Extracted material ::
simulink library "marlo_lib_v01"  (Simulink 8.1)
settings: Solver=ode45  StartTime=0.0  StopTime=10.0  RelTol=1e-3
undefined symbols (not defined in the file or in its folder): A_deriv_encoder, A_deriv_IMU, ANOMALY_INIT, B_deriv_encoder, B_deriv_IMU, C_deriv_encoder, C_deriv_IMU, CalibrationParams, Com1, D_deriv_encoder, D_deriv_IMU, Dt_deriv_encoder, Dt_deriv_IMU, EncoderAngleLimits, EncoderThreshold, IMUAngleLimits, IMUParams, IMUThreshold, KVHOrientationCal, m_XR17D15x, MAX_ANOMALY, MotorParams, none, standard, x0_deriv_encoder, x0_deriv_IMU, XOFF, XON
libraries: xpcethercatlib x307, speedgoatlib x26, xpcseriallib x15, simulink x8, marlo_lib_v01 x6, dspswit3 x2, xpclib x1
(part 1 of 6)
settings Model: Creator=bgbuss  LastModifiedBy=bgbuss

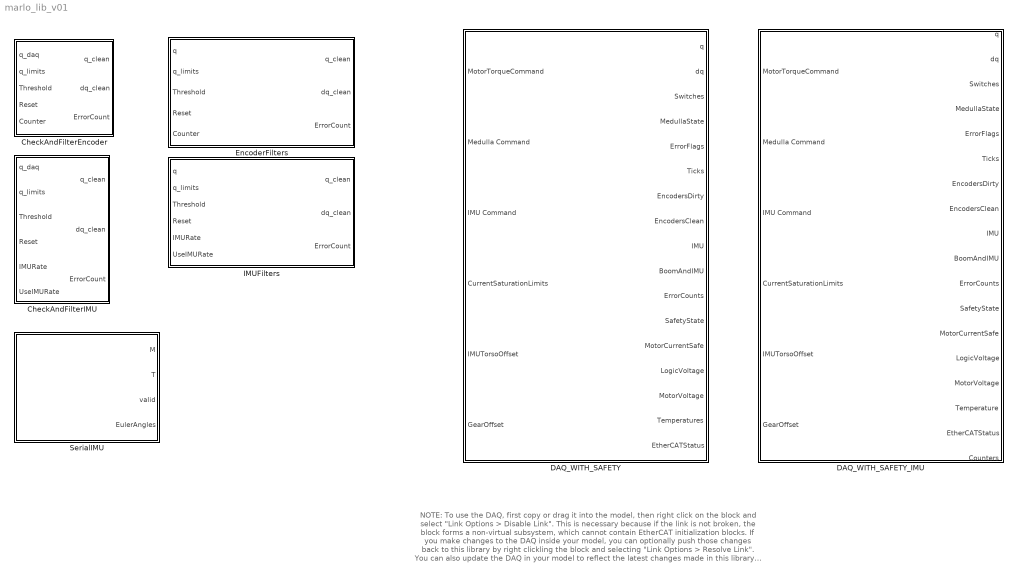
== system marlo_lib_v01 ==
  note: NOTE: To use the DAQ, first copy or drag it into the model,
      | then right click on the block and select "Link Options > Disable Link".
      | This is necessary because if the link is not broken, the block forms a
      | non-virtual subsystem, which cannot contain EtherCAT initialization blocks.
      |
      | If you make changes to the DAQ inside your model, you can optionally push
      | those changes back to this library by right clickling the block and selecting
      | "Link Options > Resolve Link". You can also update the DAQ in your model
      | to reflect the latest changes made in this library by selecting "Link Options >
      | Resolve Link" and pulling (RESTORE) the changes into your model.
  CheckAndFilterEncoder : Subsystem
  CheckAndFilterIMU : Subsystem
  DAQ_WITH_SAFETY : Subsystem
  DAQ_WITH_SAFETY_IMU : Subsystem  AncestorBlock=marlo_lib_v01/DAQ_WITH_SAFETY
  EncoderFilters : Subsystem  TreatAsAtomicUnit=on
  IMUFilters : Subsystem  TreatAsAtomicUnit=on
  SerialIMU : Subsystem

== system marlo_lib_v01/CheckAndFilterEncoder ==
  q_daq : Inport
  q_limits : Inport  Port=2
  Threshold : Inport  Port=3
  Reset : Inport  Port=4
  Counter : Inport  Port=5
  AnomalyDetection : Stateflow chart  TreatAsAtomicUnit=on  SystemSampleTime=Dt_deriv_encoder
  Constant : Constant  Value=Dt_deriv_encoder
  Discrete State-Space : DiscreteStateSpace  A=A_deriv_encoder  B=B_deriv_encoder  C=C_deriv_encoder  D=D_deriv_encoder  X0=x0_deriv_encoder  SampleTime=Dt_deriv_encoder
  Unit Delay : UnitDelay  SampleTime=Dt_deriv_encoder
  q_clean : Outport
  dq_clean : Outport  Port=2
  ErrorCount : Outport  Port=3
  wires:
  AnomalyDetection/1(q_clean) -> Discrete State-Space/1, q_clean/1
  Discrete State-Space/1 -> dq_clean/1, Unit Delay/1
  q_daq/1 -> AnomalyDetection/1(q)
  Threshold/1 -> AnomalyDetection/5(Threshold)
  Unit Delay/1 -> AnomalyDetection/2(dq)
  Constant/1 -> AnomalyDetection/7(ANOMALY_DT)
  q_limits/1 -> AnomalyDetection/4(q_limits)
  AnomalyDetection/2(ErrorCount) -> ErrorCount/1
  Reset/1 -> AnomalyDetection/6(Reset)
  Counter/1 -> AnomalyDetection/3(Counter)

== system marlo_lib_v01/CheckAndFilterIMU ==
  q_daq : Inport
  q_limits : Inport  Port=2
  Threshold : Inport  Port=3
  Reset : Inport  Port=4
  IMURate : Inport  Port=5
  UseIMURate : Inport  Port=6
  AnomalyDetection : Stateflow chart  TreatAsAtomicUnit=on  SystemSampleTime=Dt_deriv_IMU
  Constant : Constant  Value=Dt_deriv_IMU
  Discrete State-Space : DiscreteStateSpace  A=A_deriv_IMU  B=B_deriv_IMU  C=C_deriv_IMU  D=D_deriv_IMU  X0=x0_deriv_IMU  SampleTime=Dt_deriv_IMU
  Rate Transition{,3..7} (6 alike) : RateTransition  OutPortSampleTimeMultiple=2
  Rate Transition1 : RateTransition  Deterministic=off  OutPortSampleTime=.001
  Rate Transition2 : RateTransition  Deterministic=off  OutPortSampleTime=.001
  Rate Transition8 : RateTransition  Deterministic=off  OutPortSampleTime=.001
  Switch : Switch  Criteria=u2 ~= 0  Threshold=0.5
  Unit Delay : UnitDelay  SampleTime=Dt_deriv_IMU
  q_clean : Outport
  dq_clean : Outport  Port=2
  ErrorCount : Outport  Port=3
  wires:
  Unit Delay/1 -> AnomalyDetection/2(dq)
  Threshold/1 -> Rate Transition5/1
  q_daq/1 -> Rate Transition/1
  AnomalyDetection/1(q_clean) -> Discrete State-Space/1, Rate Transition1/1
  Rate Transition/1 -> AnomalyDetection/1(q)
  Rate Transition1/1 -> q_clean/1
  Rate Transition2/1 -> dq_clean/1
  Switch/1 -> Rate Transition2/1, Unit Delay/1
  Discrete State-Space/1 -> Switch/3
  IMURate/1 -> Rate Transition3/1
  UseIMURate/1 -> Rate Transition4/1
  Constant/1 -> AnomalyDetection/6(ANOMALY_DT)
  Rate Transition3/1 -> Switch/1
  Rate Transition4/1 -> Switch/2
  Rate Transition5/1 -> AnomalyDetection/4(Threshold)
  q_limits/1 -> Rate Transition6/1
  Reset/1 -> Rate Transition7/1
  Rate Transition6/1 -> AnomalyDetection/3(q_limits)
  Rate Transition7/1 -> AnomalyDetection/5(Reset)
  AnomalyDetection/2(ErrorCount) -> Rate Transition8/1
  Rate Transition8/1 -> ErrorCount/1

== system marlo_lib_v01/DAQ_WITH_SAFETY ==
  MotorTorqueCommand : Inport
  Medulla Command : Inport  Port=2
  IMU Command : Inport  Port=3
  CurrentSaturationLimits : Inport  Port=4
  IMUTorsoOffset : Inport  Port=5
  GearOffset : Inport  Port=6
  DAQ : Subsystem
  Data Type Conversion15 : DataTypeConversion  OutDataTypeStr=double
  Gain : Gain  Gain=-1
  SAFETY : MATLAB Function  TreatAsAtomicUnit=on
  Saturation Dynamic : simulink/Discontinuities/Saturation Dynamic  OutMin=[]  OutMax=[]  OutDataTypeStr=Inherit: Same as second input  OutDataType=fixdt(1, 16)  OutScaling=2^-10  DoSatur=off
  Terminator2 : Terminator
  Terminator5 : Terminator
  TorqueToCurrent : Gain  Gain=[10; 10; 5.5; 10; 10; 5.5]
  Unit Delay : UnitDelay  SampleTime=-1
  q : Outport
  dq : Outport  Port=2
  Switches : Outport  Port=3
  MedullaState : Outport  Port=4
  ErrorFlags : Outport  Port=5
  Ticks : Outport  Port=6
  EncodersDirty : Outport  Port=7
  EncodersClean : Outport  Port=8
  IMU : Outport  Port=9
  BoomAndIMU : Outport  Port=10
  ErrorCounts : Outport  Port=11
  SafetyState : Outport  Port=12
  MotorCurrentSafe : Outport  Port=13
  LogicVoltage : Outport  Port=14
  MotorVoltage : Outport  Port=15
  Temperatures : Outport  Port=16
  EtherCATStatus : Outport  Port=17
  wires:
  DAQ/17(EtherCATStatus) -> EtherCATStatus/1
  DAQ/4(ToeSwitches) -> Terminator2/1
  DAQ/12(EncodersDirty) -> EncodersDirty/1
  DAQ/11(Ticks) -> Ticks/1
  SAFETY/3(IMUCommandSafe) -> DAQ/3(IMU Command)
  MotorTorqueCommand/1 -> TorqueToCurrent/1
  Medulla Command/1 -> SAFETY/2(MedullaCommand)
  IMU Command/1 -> SAFETY/3(IMUCommand)
  DAQ/1(q) -> SAFETY/4(q), q/1
  DAQ/2(dq) -> SAFETY/5(dq), dq/1
  DAQ/3(LimitSwitches) -> SAFETY/6(Switches), Switches/1
  DAQ/8(LogicVoltage) -> LogicVoltage/1, SAFETY/8(LogicVoltage)
  DAQ/14(IMU) -> IMU/1
  SAFETY/4(SafetyStateOut) -> SafetyState/1
  TorqueToCurrent/1 -> Saturation Dynamic/2  "current_unsat"
  DAQ/10(Thermistors) -> Temperatures/1, SAFETY/7(Thermistors)
  DAQ/7(MotorVoltage) -> MotorVoltage/1
  DAQ/9(AmpMeasuredCurrent) -> Terminator5/1
  DAQ/5(MedullaState) -> MedullaState/1
  DAQ/6(ErrorFlags) -> ErrorFlags/1
  Saturation Dynamic/1 -> Data Type Conversion15/1
  CurrentSaturationLimits/1 -> Saturation Dynamic/1, Gain/1
  Gain/1 -> Saturation Dynamic/3
  SAFETY/1(MotorCurrentCommandSafe) -> DAQ/1(Motor Command), MotorCurrentSafe/1
  SAFETY/2(MedullaCommandSafe) -> DAQ/2(Medulla Command)
  Data Type Conversion15/1 -> SAFETY/1(MotorCurrentCommand)  "current_sat"
  DAQ/15(BoomAndIMU) -> BoomAndIMU/1
  IMUTorsoOffset/1 -> DAQ/4(IMUTorsoOffset)
  GearOffset/1 -> DAQ/5(GearOffset)
  SAFETY/5(SafetyCountOut) -> Unit Delay/1
  Unit Delay/1 -> SAFETY/9(SafetyCountIn)
  DAQ/16(ErrorCounts) -> ErrorCounts/1
  DAQ/13(EncodersClean) -> EncodersClean/1

== system marlo_lib_v01/DAQ_WITH_SAFETY_IMU ==
  MotorTorqueCommand : Inport
  Medulla Command : Inport  Port=2
  IMU Command : Inport  Port=3
  CurrentSaturationLimits : Inport  Port=4
  IMUTorsoOffset : Inport  Port=5
  GearOffset : Inport  Port=6
  DAQ : Subsystem
  Data Type Conversion15 : DataTypeConversion  OutDataTypeStr=double
  Gain : Gain  Gain=-1
  SAFETY : MATLAB Function  TreatAsAtomicUnit=on
  Saturation Dynamic : simulink/Discontinuities/Saturation Dynamic  OutMin=[]  OutMax=[]  OutDataTypeStr=Inherit: Same as second input  OutDataType=fixdt(1, 16)  OutScaling=2^-10  DoSatur=off
  Terminator2 : Terminator
  Terminator5 : Terminator
  TorqueToCurrent : Gain  Gain=[10; 10; 5.5; 10; 10; 5.5]
  Unit Delay : UnitDelay  SampleTime=-1
  q : Outport
  dq : Outport  Port=2
  Switches : Outport  Port=3
  MedullaState : Outport  Port=4
  ErrorFlags : Outport  Port=5
  Ticks : Outport  Port=6
  EncodersDirty : Outport  Port=7
  EncodersClean : Outport  Port=8
  IMU : Outport  Port=9
  BoomAndIMU : Outport  Port=10
  ErrorCounts : Outport  Port=11
  SafetyState : Outport  Port=12
  MotorCurrentSafe : Outport  Port=13
  LogicVoltage : Outport  Port=14
  MotorVoltage : Outport  Port=15
  Temperature : Outport  Port=16
  EtherCATStatus : Outport  Port=17
  Counters : Outport  Port=18
  wires:
  DAQ/19(Counters) -> Counters/1
  DAQ/18(TemperatureMuxed) -> Temperature/1
  DAQ/13(EncodersClean) -> EncodersClean/1
  DAQ/16(ErrorCounts) -> ErrorCounts/1
  Unit Delay/1 -> SAFETY/9(SafetyCountIn)
  SAFETY/5(SafetyCountOut) -> Unit Delay/1
  GearOffset/1 -> DAQ/5(GearOffset)
  IMUTorsoOffset/1 -> DAQ/4(IMUTorsoOffset)
  DAQ/15(BoomAndIMU) -> BoomAndIMU/1
  Data Type Conversion15/1 -> SAFETY/1(MotorCurrentCommand)  "current_sat"
  SAFETY/2(MedullaCommandSafe) -> DAQ/2(Medulla Command)
  SAFETY/1(MotorCurrentCommandSafe) -> DAQ/1(Motor Command), MotorCurrentSafe/1
  Gain/1 -> Saturation Dynamic/3
  CurrentSaturationLimits/1 -> Gain/1, Saturation Dynamic/1
  Saturation Dynamic/1 -> Data Type Conversion15/1
  DAQ/6(ErrorFlags) -> ErrorFlags/1
  DAQ/5(MedullaState) -> MedullaState/1
  DAQ/9(AmpMeasuredCurrent) -> Terminator5/1
  DAQ/7(MotorVoltage) -> MotorVoltage/1
  DAQ/10(Thermistors) -> SAFETY/7(Thermistors)
  TorqueToCurrent/1 -> Saturation Dynamic/2  "current_unsat"
  SAFETY/4(SafetyStateOut) -> SafetyState/1
  DAQ/14(IMU) -> IMU/1
  DAQ/8(LogicVoltage) -> LogicVoltage/1, SAFETY/8(LogicVoltage)
  DAQ/3(LimitSwitches) -> Switches/1, SAFETY/6(Switches)
  DAQ/2(dq) -> dq/1, SAFETY/5(dq)
  DAQ/1(q) -> q/1, SAFETY/4(q)
  IMU Command/1 -> SAFETY/3(IMUCommand)
  Medulla Command/1 -> SAFETY/2(MedullaCommand)
  MotorTorqueCommand/1 -> TorqueToCurrent/1
  SAFETY/3(IMUCommandSafe) -> DAQ/3(IMU Command)
  DAQ/11(Ticks) -> Ticks/1
  DAQ/12(EncodersDirty) -> EncodersDirty/1
  DAQ/4(ToeSwitches) -> Terminator2/1
  DAQ/17(EtherCATStatus) -> EtherCATStatus/1

== system marlo_lib_v01/EncoderFilters ==
  q : Inport  Partition=on  PartitionDimension=1  PartitionWidth=1
  q_limits : Inport  Port=2  Partition=on  PartitionDimension=1  PartitionWidth=1
  Threshold : Inport  Port=3  Partition=on  PartitionDimension=1  PartitionWidth=1
  Reset : Inport  Port=4  Partition=off
  Counter : Inport  Port=5  Partition=on  PartitionDimension=1  PartitionWidth=1
  CheckAndFilterEncoder : marlo_lib_v01/CheckAndFilterEncoder
  For Each : ForEach  DisableCoverage=on  IndexMode=One-based
  q_clean : Outport  ConcatenationDimension=1
  dq_clean : Outport  Port=2  ConcatenationDimension=1
  ErrorCount : Outport  Port=3  ConcatenationDimension=1
  wires:
  q/1 -> CheckAndFilterEncoder/1
  Threshold/1 -> CheckAndFilterEncoder/3
  CheckAndFilterEncoder/1 -> q_clean/1
  CheckAndFilterEncoder/3 -> ErrorCount/1
  q_limits/1 -> CheckAndFilterEncoder/2
  CheckAndFilterEncoder/2 -> dq_clean/1
  Reset/1 -> CheckAndFilterEncoder/4
  Counter/1 -> CheckAndFilterEncoder/5

== system marlo_lib_v01/IMUFilters ==
  q : Inport  Partition=on  PartitionDimension=1  PartitionWidth=1
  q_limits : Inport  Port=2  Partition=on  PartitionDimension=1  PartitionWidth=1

Required action :: All lines from the start of the entries above through the line containing "DAQ_WITH_SAFETY : Subsystem" must be transcribed exactly, both ends included, and no picture may be copied.

Exercise output ::
simulink library "marlo_lib_v01"  (Simulink 8.1)
settings: Solver=ode45  StartTime=0.0  StopTime=10.0  RelTol=1e-3
undefined symbols (not defined in the file or in its folder): A_deriv_encoder, A_deriv_IMU, ANOMALY_INIT, B_deriv_encoder, B_deriv_IMU, C_deriv_encoder, C_deriv_IMU, CalibrationParams, Com1, D_deriv_encoder, D_deriv_IMU, Dt_deriv_encoder, Dt_deriv_IMU, EncoderAngleLimits, EncoderThreshold, IMUAngleLimits, IMUParams, IMUThreshold, KVHOrientationCal, m_XR17D15x, MAX_ANOMALY, MotorParams, none, standard, x0_deriv_encoder, x0_deriv_IMU, XOFF, XON
libraries: xpcethercatlib x307, speedgoatlib x26, xpcseriallib x15, simulink x8, marlo_lib_v01 x6, dspswit3 x2, xpclib x1
(part 1 of 6)
settings Model: Creator=bgbuss  LastModifiedBy=bgbuss

== system marlo_lib_v01 ==
  note: NOTE: To use the DAQ, first copy or drag it into the model,
      | then right click on the block and select "Link Options > Disable Link".
      | This is necessary because if the link is not broken, the block forms a
      | non-virtual subsystem, which cannot contain EtherCAT initialization blocks.
      |
      | If you make changes to the DAQ inside your model, you can optionally push
      | those changes back to this library by right clickling the block and selecting
      | "Link Options > Resolve Link". You can also update the DAQ in your model
      | to reflect the latest changes made in this library by selecting "Link Options >
      | Resolve Link" and pulling (RESTORE) the changes into your model.
  CheckAndFilterEncoder : Subsystem
  CheckAndFilterIMU : Subsystem
  DAQ_WITH_SAFETY : Subsystem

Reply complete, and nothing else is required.